**EXERCISE DIRECTIONS**
The lines below must be transcribed exactly as given, with the images removed.

[[ DATA SECTION, beginning ]]

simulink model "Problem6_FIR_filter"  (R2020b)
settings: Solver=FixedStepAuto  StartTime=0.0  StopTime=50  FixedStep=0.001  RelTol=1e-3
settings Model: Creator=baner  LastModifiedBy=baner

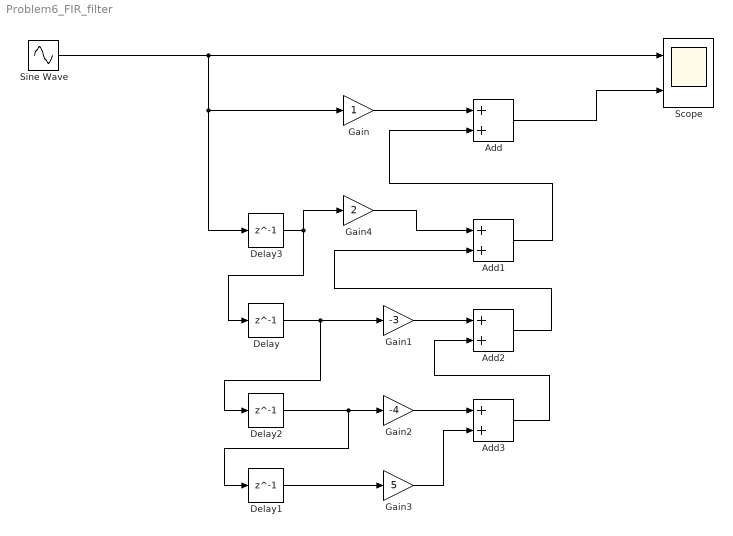
== system Problem6_FIR_filter ==
  Add{,1..3} (4 alike) : Sum
  Delay{,1..3} (4 alike) : Delay  DelayLength=1
  Gain : Gain
  Gain1 : Gain  Gain=-3
  Gain2 : Gain  Gain=-4
  Gain3 : Gain  Gain=5
  Gain4 : Gain  Gain=2
  Scope : Scope  NumInputPorts=2
  Sine Wave : Sin  Frequency=10  SampleTime=0
  wires:
  Sine Wave/1 -> Delay3/1, Gain/1, Scope/1
  Delay3/1 -> Delay/1, Gain4/1
  Delay/1 -> Delay2/1, Gain1/1
  Delay1/1 -> Gain3/1
  Delay2/1 -> Delay1/1, Gain2/1
  Add1/1 -> Add/2
  Add2/1 -> Add1/2
  Add3/1 -> Add2/2
  Add/1 -> Scope/2
  Gain/1 -> Add/1
  Gain4/1 -> Add1/1
  Gain1/1 -> Add2/1
  Gain2/1 -> Add3/1
  Gain3/1 -> Add3/2

[[ DATA SECTION, end ]]

**EXERCISE RESPONSE**
simulink model "Problem6_FIR_filter"  (R2020b)
settings: Solver=FixedStepAuto  StartTime=0.0  StopTime=50  FixedStep=0.001  RelTol=1e-3
settings Model: Creator=baner  LastModifiedBy=baner

== system Problem6_FIR_filter ==
  Add{,1..3} (4 alike) : Sum
  Delay{,1..3} (4 alike) : Delay  DelayLength=1
  Gain : Gain
  Gain1 : Gain  Gain=-3
  Gain2 : Gain  Gain=-4
  Gain3 : Gain  Gain=5
  Gain4 : Gain  Gain=2
  Scope : Scope  NumInputPorts=2
  Sine Wave : Sin  Frequency=10  SampleTime=0
  wires:
  Sine Wave/1 -> Delay3/1, Gain/1, Scope/1
  Delay3/1 -> Delay/1, Gain4/1
  Delay/1 -> Delay2/1, Gain1/1
  Delay1/1 -> Gain3/1
  Delay2/1 -> Delay1/1, Gain2/1
  Add1/1 -> Add/2
  Add2/1 -> Add1/2
  Add3/1 -> Add2/2
  Add/1 -> Scope/2
  Gain/1 -> Add/1
  Gain4/1 -> Add1/1
  Gain1/1 -> Add2/1
  Gain2/1 -> Add3/1
  Gain3/1 -> Add3/2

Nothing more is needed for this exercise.